Transportation is the largest source of U.S. greenhouse gases, creating more than 1.9 billion metric tons of emissions each year. The president last week signed an executive order to spur federal efforts seeking to make half of all new vehicles sold in the United States electric or plug-in hybrids by 2030.
A document this week that outlines instructions for Senate committees — part of a budget process known as reconciliation, which would require only Democratic support — refers vaguely in one section to investments in “clean energy, manufacturing, and transportation tax incentives.”
Schumer said Wednesday that committees will spend several weeks hashing out details of legislation that would turn the $3.5 trillion package into policies to help address economic pressures that have caused a “sourness in the land.” The proposals will include child care and community college tuition as well as efforts by the Committee on Banking, Housing and Urban Affairs to promote community revitalization by addressing land use and making transit improvements. Senate Republicans have decried the scale of the package and many of its goals.
Supporters say they hope the Senate will provide a significant boost for electric vehicles.
President Biden hinted last week at the potential direction of Senate action at a White House appearance with executives of Ford, General Motors and Stellantis, the global carmaker that includes Chrysler.
He pointed to a bill backed by Stabenow and Sen. Ron Wyden (D-Ore.), that advanced out of the Senate Finance Committee in May. Biden urged government, labor and industry officials to reclaim leadership in the electric-vehicle race with China.
“That means purchasing incentives for consumers to buy clean vehicles, union-made right here in America,” Biden said, noting that the bill backed by Stabenow and Wyden “provides $7,500 basic credit, $2,500 credit for vehicles made in America and an additional $2,500 credit for union-made vehicles.”
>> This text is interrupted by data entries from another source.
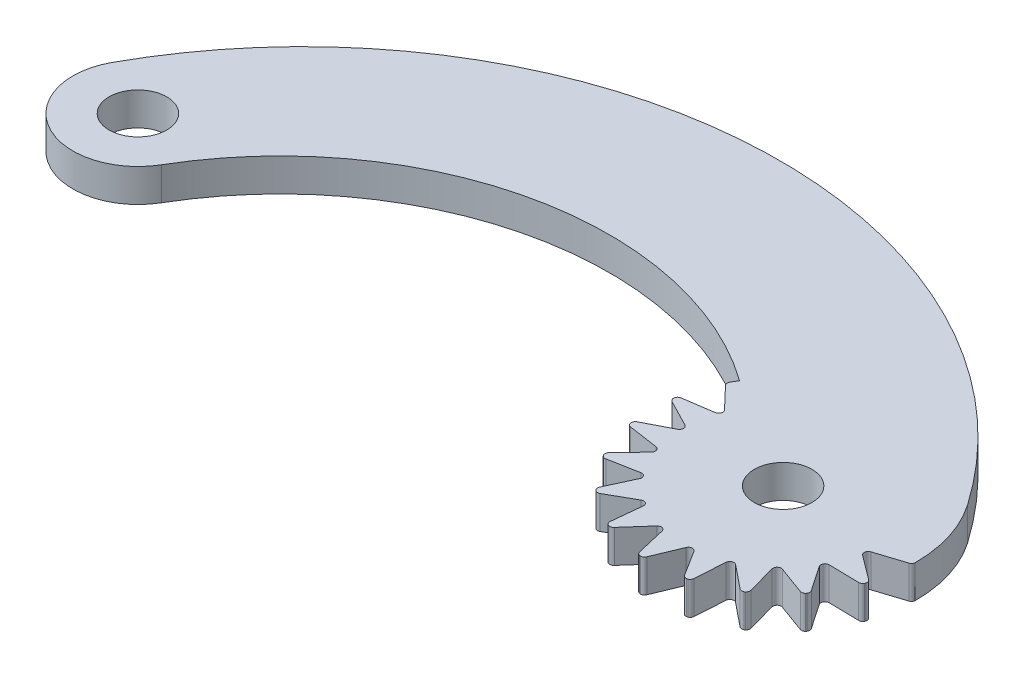
SolidWorks part; units mm, degrees
ref_plane "Front Plane" through (0, 0, 0) normal (0, 0, 1) x (1, 0, 0)
ref_plane "Top Plane" through (0, 0, 0) normal (0, 1, 0) x (1, 0, 0)
ref_plane "Right Plane" through (0, 0, 0) normal (1, 0, 0) x (0, 0, -1)
sketch "Sketch1" plane through (0, 0, 0) normal (0, 1, 0) x (1, 0, 0)
  line L0 (0, 25.5178) -> (0, -32.2544) construction
  line L1 (0, 0) -> (39.1784, 0) construction
  arc A0 (-3.468, 1.8908) -> (3.4127, -1.989) centre (0, 0) ccw
  arc A3 (-3.468, 1.8908) -> (45.776, 4.6037) centre (21.9935, -11.9912) cw
  circle A4 centre (0, 0) radius 1.75
  circle A5 centre (39.1784, 0) radius 1.75
  arc A8 (32.3232, 4.2105) -> (45.776, 4.6037) centre (39.1784, 0) ccw
  arc A9 (3.4127, -1.989) -> (32.3232, 4.2105) centre (20.6922, -12.0597) cw
  dimension "D2" = 7.9
  dimension "D3" = 16.09
  dimension "D4" = 29
  dimension "D5" = 20
  dimension "D6" = 3.5
  dimension "D7" = 3.5
  dimension "D1" = 39.1784
extrude "Boss-Extrude1" add sketch "Sketch1" along normal mid plane 2
sketch "Sketch3" plane through (0, 1, 0) normal (0, 1, 0) x (1, 0, 0)
  line L76 (27.0468, 0) -> (63.8537, 0) construction
  line L77 (39.1784, 0) -> (62.4779, 3.888) construction
  line L155 (45.3137, -0.7987) -> (47.053, -0.2379)
  line L156 (45.2406, -1.2367) -> (46.7036, -2.3318)
  line L157 (44.7219, -2.7475) -> (46.5491, -2.7819)
  line L158 (44.5106, -3.1381) -> (45.5387, -4.6489)
  line L159 (43.5295, -4.3986) -> (45.2464, -5.0244)
  line L160 (43.2027, -4.6994) -> (43.6846, -6.4622)
  line L161 (41.8655, -5.5731) -> (43.2862, -6.7225)
  line L162 (41.4587, -5.7515) -> (41.3422, -7.5752)
  line L163 (39.9103, -6.1436) -> (40.8808, -7.692)
  line L164 (39.4677, -6.1803) -> (38.7653, -7.8673)
  line L165 (37.8758, -6.0484) -> (38.291, -7.828)
  line L166 (37.4453, -5.9393) -> (36.2331, -7.3069)
  line L167 (35.9825, -5.2977) -> (35.7973, -7.1158)
  line L168 (35.6107, -5.0548) -> (34.0201, -5.9547)
  line L169 (34.4355, -3.973) -> (33.67, -5.6324)
  line L170 (34.1627, -3.6225) -> (32.3662, -3.9572)
  line L171 (33.4025, -2.2177) -> (32.1397, -3.5386)
  line L172 (33.2583, -1.7976) -> (31.4504, -1.5308)
  line L173 (32.9953, -0.2221) -> (31.372, -1.0614)
  line L174 (32.9953, 0.2221) -> (31.372, 1.0614)
  line L175 (33.2583, 1.7976) -> (31.4504, 1.5308)
  line L176 (33.4025, 2.2177) -> (32.1397, 3.5386)
  line L193 (34.1627, 3.6225) -> (32.3662, 3.9572) [skipped]
  line L194 (35.6107, 5.0548) -> (34.0201, 5.9547) [skipped]
  line L196 (37.4453, 5.9393) -> (36.2331, 7.3069) [skipped]
  line L197 (43.2027, 4.6994) -> (43.6846, 6.4622) [skipped]
  line L200 (41.4587, 5.7515) -> (41.3422, 7.5752) [skipped]
  line L202 (39.4677, 6.1803) -> (38.7653, 7.8673) [skipped]
  line L204 (44.5106, 3.1381) -> (45.5387, 4.6489) [skipped]
  line L206 (45.2406, 1.2367) -> (46.7036, 2.3318) [skipped]
  arc A139 (46.5491, -2.7819) -> (46.7036, -2.3318) centre (46.5538, -2.532) ccw
  arc A141 (45.1438, -0.9954) -> (45.2263, 0) centre (39.1784, 0) ccw
  circle A199 centre (39.1784, 0) radius 8.0479 construction
  arc A201 (47.053, -0.2379) -> (47.2263, 0) centre (46.9763, 0) ccw
  arc A202 (45.1438, -0.9954) -> (45.3137, -0.7987) centre (45.3904, -1.0366) cw
  arc A203 (45.1438, -0.9954) -> (45.2406, -1.2367) centre (45.3904, -1.0366) ccw
  arc A204 (44.4974, -2.8785) -> (44.7219, -2.7475) centre (44.7172, -2.9975) cw
  arc A205 (45.2464, -5.0244) -> (45.5387, -4.6489) centre (45.332, -4.7896) ccw
  arc A206 (44.4974, -2.8785) -> (44.5106, -3.1381) centre (44.7172, -2.9975) ccw
  arc A207 (43.2745, -4.4496) -> (43.5295, -4.3986) centre (43.4438, -4.6335) cw
  arc A208 (43.2862, -6.7225) -> (43.6846, -6.4622) centre (43.4434, -6.5281) ccw
  arc A209 (43.2745, -4.4496) -> (43.2027, -4.6994) centre (43.4438, -4.6335) ccw
  arc A210 (41.6078, -5.5385) -> (41.8655, -5.5731) centre (41.7082, -5.7674) cw
  arc A211 (40.8808, -7.692) -> (41.3422, -7.5752) centre (41.0927, -7.5593) ccw
  arc A212 (41.6078, -5.5385) -> (41.4587, -5.7515) centre (41.7082, -5.7674) ccw
  arc A213 (39.6778, -6.0272) -> (39.9103, -6.1436) centre (39.6985, -6.2764) cw
  arc A214 (38.291, -7.828) -> (38.7653, -7.8673) centre (38.5345, -7.7713) ccw
  arc A215 (39.6778, -6.0272) -> (39.4677, -6.1803) centre (39.6985, -6.2764) ccw
  arc A216 (37.6937, -5.8628) -> (37.8758, -6.0484) centre (37.6324, -6.1052) cw
  arc A217 (35.7973, -7.1158) -> (36.2331, -7.3069) centre (36.046, -7.1411) ccw
  arc A218 (37.6937, -5.8628) -> (37.4453, -5.9393) centre (37.6324, -6.1052) ccw
  arc A219 (35.8705, -5.0631) -> (35.9825, -5.2977) centre (35.7338, -5.2724) cw
  arc A220 (33.67, -5.6324) -> (34.0201, -5.9547) centre (33.897, -5.7371) ccw
  arc A221 (35.8705, -5.0631) -> (35.6107, -5.0548) centre (35.7338, -5.2724) ccw
  arc A222 (34.4058, -3.7147) -> (34.4355, -3.973) centre (34.2085, -3.8682) cw
  arc A223 (32.1397, -3.5386) -> (32.3662, -3.9572) centre (32.3204, -3.7114) ccw
  arc A224 (34.4058, -3.7147) -> (34.1627, -3.6225) centre (34.2085, -3.8682) ccw
  arc A225 (33.4582, -1.9637) -> (33.4025, -2.2177) centre (33.2218, -2.0449) cw
  arc A226 (31.372, -1.0614) -> (31.4504, -1.5308) centre (31.4869, -1.2835) ccw
  arc A227 (33.4582, -1.9637) -> (33.2583, -1.7976) centre (33.2218, -2.0449) ccw
  arc A228 (33.1305, 0) -> (32.9953, -0.2221) centre (32.8805, 0) cw
  arc A229 (31.4504, 1.5308) -> (31.372, 1.0614) centre (31.4869, 1.2835) ccw
  arc A230 (33.1305, 0) -> (32.9953, 0.2221) centre (32.8805, 0) ccw
  arc A231 (33.4582, 1.9637) -> (33.2583, 1.7976) centre (33.2218, 2.0449) cw
  arc A232 (32.1005, 3.8304) -> (32.1397, 3.5386) centre (32.3204, 3.7114) ccw
  arc A233 (33.4582, 1.9637) -> (33.4025, 2.2177) centre (33.2218, 2.0449) ccw
  arc A256 (32.1005, 3.8304) -> (47.2263, 0) centre (39.1784, 0) ccw
  arc A258 (34.4058, 3.7147) -> (34.1627, 3.6225) centre (34.2085, 3.8682) cw [skipped]
  arc A260 (33.7277, 5.921) -> (33.67, 5.6324) centre (33.897, 5.7371) ccw [skipped]
  arc A261 (35.8705, 5.0631) -> (35.6107, 5.0548) centre (35.7338, 5.2724) cw [skipped]
  arc A263 (36.2331, 7.3069) -> (35.9456, 7.37) centre (36.046, 7.1411) ccw [skipped]
  arc A265 (43.2745, 4.4496) -> (43.2027, 4.6994) centre (43.4438, 4.6335) cw [skipped]
  arc A266 (43.5802, 6.7374) -> (43.2862, 6.7225) centre (43.4434, 6.5281) ccw [skipped]
  arc A268 (41.6078, 5.5385) -> (41.4587, 5.7515) centre (41.7082, 5.7674) cw [skipped]
  arc A269 (41.154, 7.8016) -> (40.8808, 7.692) centre (41.0927, 7.5593) ccw [skipped]
  arc A271 (39.6778, 6.0272) -> (39.4677, 6.1803) centre (39.6985, 6.2764) cw [skipped]
  arc A272 (38.5138, 8.0204) -> (38.291, 7.828) centre (38.5345, 7.7713) ccw [skipped]
  arc A274 (37.6937, 5.8628) -> (37.4453, 5.9393) centre (37.6324, 6.1052) cw [skipped]
  arc A275 (45.5387, 4.6489) -> (45.5293, 4.9431) centre (45.332, 4.7896) ccw [skipped]
  arc A276 (44.4974, 2.8785) -> (44.5106, 3.1381) centre (44.7172, 2.9975) cw [skipped]
  arc A278 (46.7902, 2.6131) -> (46.5491, 2.7819) centre (46.5538, 2.532) ccw [skipped]
  arc A279 (45.1438, 0.9954) -> (45.2406, 1.2367) centre (45.3904, 1.0366) cw [skipped]
  point P182 (39.1784, 0)
  arc M78 (32.3232, 4.2105) -> (45.776, 4.6037) centre (39.1784, 0) ccw
  dimension "D1" = 12.0958
  dimension "D2" = 2
  dimension "D5" = 0.5
  dimension "D6" = 19
  dimension "D3" = 9.474
extrude "Cut-Extrude1" cut sketch "Sketch3" against normal blind 10 contours A231 A233 L176 A232 A229 L175 M78 | A228 A230 L174 A229 A226 L173 M78 | A225 A227 L172 A226 A223 L171 M78 | A222 A224 L170 A223 A220 L169 M78 | A219 A221 L168 A220 A217 L167 M78 | A216 A218 L166 A217 A214 L165 M78 | A213 A215 L164 A214 A211 L163 M78 | A210 A212 L162 A211 A208 L161 M78 | A207 A209 L160 A208 A205 L159 M78 | A204 A206 L158 A205 A139 L157 M78 | A202 A203 L156 A139 A201 L155 M78
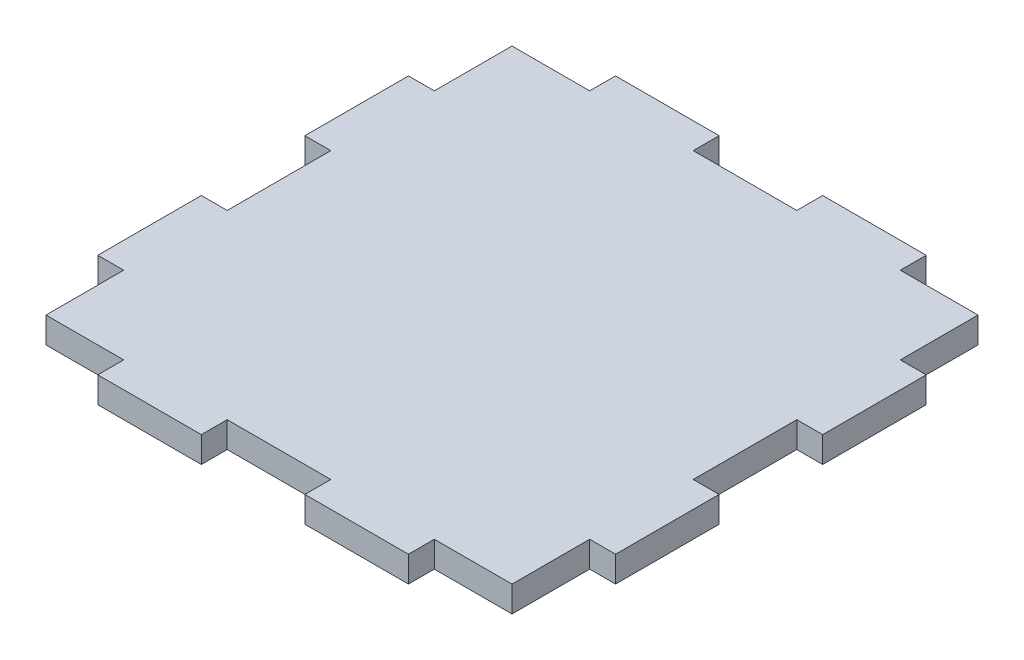
SolidWorks part; units mm, degrees
ref_plane "Front Plane" through (0, 0, 0) normal (0, 0, 1) x (1, 0, 0)
ref_plane "Top Plane" through (0, 0, 0) normal (0, 1, 0) x (1, 0, 0)
ref_plane "Right Plane" through (0, 0, 0) normal (1, 0, 0) x (0, 0, -1)
sketch "Sketch1" plane through (0, 0, 0) normal (0, 1, 0) x (1, 0, 0)
  line L1 (-186.2722, 187.3213) -> (4.2278, 187.3213)
  line L2 (-186.2722, 187.3213) -> (-186.2722, -3.1787)
  line L3 (-186.2722, -3.1787) -> (4.2278, -3.1787)
  line L4 (4.2278, 187.3213) -> (4.2278, -3.1787)
  dimension "D1" = 190.5
  dimension "D2" = 190.5
extrude "Boss-Extrude1" add sketch "Sketch1" along normal blind 9.525
sketch "Sketch2" plane through (0, 9.525, 0) normal (0, 1, 0) x (1, 0, 0)
  line L0 (-186.2722, -3.1787) -> (4.2278, -3.1787) construction
  line L1 (-5.2972, -3.1787) -> (4.2278, -3.1787)
  line L2 (-5.2972, -3.1787) -> (-5.2972, 34.9213)
  line L3 (-5.2972, 34.9213) -> (4.2278, 34.9213)
  line L4 (4.2278, -3.1787) -> (4.2278, 34.9213)
  line L5 (4.2278, -3.1787) -> (4.2278, 187.3213) construction
  dimension "D1" = 38.1
  dimension "D2" = 9.525
extrude "Cut-Extrude1" cut sketch "Sketch2" against normal blind 9.525
sketch "Sketch3" plane through (0, 9.525, 0) normal (0, 1, 0) x (1, 0, 0)
  line L0 (4.2278, 34.9213) -> (4.2278, 187.3213) construction
  line L1 (4.2278, 73.0213) -> (-5.2972, 73.0213)
  line L2 (4.2278, 73.0213) -> (4.2278, 111.1213)
  line L3 (4.2278, 111.1213) -> (-5.2972, 111.1213)
  line L4 (-5.2972, 73.0213) -> (-5.2972, 111.1213)
  dimension "D1" = 9.525
  dimension "D2" = 38.1
  dimension "D3" = 38.1
extrude "Cut-Extrude2" cut sketch "Sketch3" against normal blind 9.525
sketch "Sketch4" plane through (0, 9.525, 0) normal (0, 1, 0) x (1, 0, 0)
  line L0 (4.2278, 111.1213) -> (4.2278, 187.3213) construction
  line L1 (4.2278, 149.2213) -> (-5.2972, 149.2213)
  line L2 (4.2278, 149.2213) -> (4.2278, 187.3213)
  line L3 (4.2278, 187.3213) -> (-5.2972, 187.3213)
  line L4 (-5.2972, 149.2213) -> (-5.2972, 187.3213)
  line L5 (4.2278, 187.3213) -> (-186.2722, 187.3213) construction
  dimension "D1" = 9.525
  dimension "D2" = 38.1
extrude "Cut-Extrude3" cut sketch "Sketch4" against normal blind 9.525
sketch "Sketch5" plane through (0, 0, 0) normal (0, -1, 0) x (1, 0, 0)
  line L0 (-186.2722, 3.1787) -> (-5.2972, 3.1787) construction
  line L1 (-176.7472, 3.1787) -> (-186.2722, 3.1787)
  line L2 (-176.7472, 3.1787) -> (-176.7472, -34.9213)
  line L3 (-176.7472, -34.9213) -> (-186.2722, -34.9213)
  line L4 (-186.2722, 3.1787) -> (-186.2722, -34.9213)
  line L5 (-186.2722, -187.3213) -> (-186.2722, 3.1787) construction
  dimension "D1" = 9.525
  dimension "D2" = 38.1
extrude "Cut-Extrude4" cut sketch "Sketch5" against normal blind 9.525
sketch "Sketch6" plane through (0, 0, 0) normal (0, -1, 0) x (1, 0, 0)
  line L0 (-186.2722, -187.3213) -> (-186.2722, -34.9213) construction
  line L1 (-186.2722, -73.0213) -> (-176.7472, -73.0213)
  line L2 (-186.2722, -73.0213) -> (-186.2722, -111.1213)
  line L3 (-186.2722, -111.1213) -> (-176.7472, -111.1213)
  line L4 (-176.7472, -73.0213) -> (-176.7472, -111.1213)
  dimension "D1" = 38.1
  dimension "D2" = 9.525
  dimension "D3" = 38.1
extrude "Cut-Extrude5" cut sketch "Sketch6" against normal blind 9.525
sketch "Sketch7" plane through (0, 0, 0) normal (0, -1, 0) x (1, 0, 0)
  line L0 (-186.2722, -187.3213) -> (-186.2722, -111.1213) construction
  line L1 (-186.2722, -149.2213) -> (-176.7472, -149.2213)
  line L2 (-186.2722, -149.2213) -> (-186.2722, -187.3213)
  line L3 (-186.2722, -187.3213) -> (-176.7472, -187.3213)
  line L4 (-176.7472, -149.2213) -> (-176.7472, -187.3213)
  line L5 (-5.2972, -187.3213) -> (-186.2722, -187.3213) construction
  dimension "D1" = 9.525
extrude "Cut-Extrude6" cut sketch "Sketch7" against normal blind 9.525
sketch "Sketch8" plane through (0, 0, 0) normal (0, -1, 0) x (1, 0, 0)
  line L0 (-5.2972, -187.3213) -> (-5.2972, -149.2213) construction
  line L1 (-5.2972, -177.7963) -> (-33.8722, -177.7963)
  line L2 (-5.2972, -177.7963) -> (-5.2972, -187.3213)
  line L3 (-5.2972, -187.3213) -> (-33.8722, -187.3213)
  line L4 (-33.8722, -177.7963) -> (-33.8722, -187.3213)
  line L5 (-5.2972, -187.3213) -> (-176.7472, -187.3213) construction
  dimension "D1" = 28.575
  dimension "D2" = 9.525
extrude "Cut-Extrude7" cut sketch "Sketch8" against normal blind 9.525
sketch "Sketch9" plane through (0, 0, 0) normal (0, -1, 0) x (1, 0, 0)
  line L0 (-33.8722, -187.3213) -> (-176.7472, -187.3213) construction
  line L1 (-71.9722, -187.3213) -> (-110.0722, -187.3213)
  line L2 (-71.9722, -187.3213) -> (-71.9722, -177.7963)
  line L3 (-71.9722, -177.7963) -> (-110.0722, -177.7963)
  line L4 (-110.0722, -187.3213) -> (-110.0722, -177.7963)
  dimension "D1" = 38.1
  dimension "D2" = 38.1
  dimension "D3" = 9.525
extrude "Cut-Extrude8" cut sketch "Sketch9" against normal blind 9.525
sketch "Sketch10" plane through (0, 0, 0) normal (0, -1, 0) x (1, 0, 0)
  line L0 (-110.0722, -187.3213) -> (-176.7472, -187.3213) construction
  line L1 (-148.1722, -187.3213) -> (-176.7472, -187.3213)
  line L2 (-148.1722, -187.3213) -> (-148.1722, -177.7963)
  line L3 (-148.1722, -177.7963) -> (-176.7472, -177.7963)
  line L4 (-176.7472, -187.3213) -> (-176.7472, -177.7963)
  line L5 (-176.7472, -187.3213) -> (-176.7472, -149.2213) construction
  dimension "D1" = 38.1
  dimension "D2" = 9.525
extrude "Cut-Extrude9" cut sketch "Sketch10" against normal blind 9.525
sketch "Sketch11" plane through (0, 0, 0) normal (0, -1, 0) x (-1, 0, 0)
  line L0 (176.7472, 34.9213) -> (176.7472, -3.1787) construction
  line L1 (176.7472, 6.3463) -> (148.1722, 6.3463)
  line L2 (176.7472, 6.3463) -> (176.7472, -3.1787)
  line L3 (176.7472, -3.1787) -> (148.1722, -3.1787)
  line L4 (148.1722, 6.3463) -> (148.1722, -3.1787)
  line L5 (176.7472, -3.1787) -> (5.2972, -3.1787) construction
  dimension "D1" = 28.575
  dimension "D2" = 9.525
extrude "Cut-Extrude11" cut sketch "Sketch11" against normal blind 9.525
sketch "Sketch12" plane through (0, 0, 0) normal (0, -1, 0) x (1, 0, 0)
  line L0 (-148.1722, 3.1787) -> (-5.2972, 3.1787) construction
  line L1 (-110.0722, 3.1787) -> (-71.9722, 3.1787)
  line L2 (-110.0722, 3.1787) -> (-110.0722, -6.3463)
  line L3 (-110.0722, -6.3463) -> (-71.9722, -6.3463)
  line L4 (-71.9722, 3.1787) -> (-71.9722, -6.3463)
  line L5 (-148.1722, -6.3463) -> (-148.1722, 3.1787) construction
  dimension "D1" = 38.1
  dimension "D2" = 9.525
  dimension "D3" = 38.1
extrude "Cut-Extrude12" cut sketch "Sketch12" against normal blind 9.525
sketch "Sketch14" plane through (0, 0, 0) normal (0, -1, 0) x (-1, 0, 0)
  line L0 (71.9722, -3.1787) -> (5.2972, -3.1787) construction
  line L1 (33.8722, -3.1787) -> (5.2972, -3.1787)
  line L2 (33.8722, -3.1787) -> (33.8722, 6.3463)
  line L3 (33.8722, 6.3463) -> (5.2972, 6.3463)
  line L4 (5.2972, -3.1787) -> (5.2972, 6.3463)
  line L5 (5.2972, 34.9213) -> (5.2972, -3.1787) construction
  line L6 (71.9722, 6.3463) -> (71.9722, -3.1787) construction
  dimension "D1" = 38.1
  dimension "D2" = 9.525
extrude "Cut-Extrude13" cut sketch "Sketch14" against normal blind 9.525

Reiterating his support for Stabenow’s efforts shortly after his remarks, the president told her, “I hope I didn’t get you in trouble by saying that.”
“You didn’t,” Stabenow responded. “You didn’t.”
On Wednesday, Kelly spokesman Jacob Peters said the senator “supports targeted incentives to help more working families afford electric vehicles” and looks forward to working out the details with colleagues.
In noting their “shared aspiration” to have 40 to 50 percent of U.S. new-car sales be electric vehicles or plug-in hybrids by 2030, the three automakers said that goal would be achievable only with purchase incentives, a large nationwide charging network and financial incentives to boost the nation’s manufacturing and supply chains.
Earlier this year, Biden called for spending $174 billion “to win the EV market,” including a nationwide network of 500,000 chargers, refurbished factories, electric school buses and mail trucks — as well as $100 billion of consumer rebates for electric vehicles.
Some of those priorities were included in the bipartisan infrastructure bill that passed the Senate on Tuesday, including billions for chargers. But the scale of the effort was drastically diminished in comparison with Biden’s earlier goals.
On Wednesday, 29 members of the House signed on to a letter calling on Schumer and House Speaker Nancy Pelosi (D-Calif.) to “match or exceed” Biden’s original $174 billion electric-vehicle proposal, saying the Senate-passed infrastructure bill has an insufficient $10 billion to $13 billion of such funding.
The electric-vehicle industry employs more than 250,000 Americans and with the right investments would create more than 2 million jobs nationally in the coming decades, the House members wrote. Quickly deploying electric vehicles can get the United States about a quarter of the way toward meeting the Biden administration’s target of cutting greenhouse gas emissions by about 50 percent from 2005 levels by 2030, they wrote.
Without support for electric-vehicle manufacturing and infrastructure, they said, “competitors will increase their share of the domestic EV market at our expense. Missing this opportunity will put millions of new, good paying clean jobs at risk.”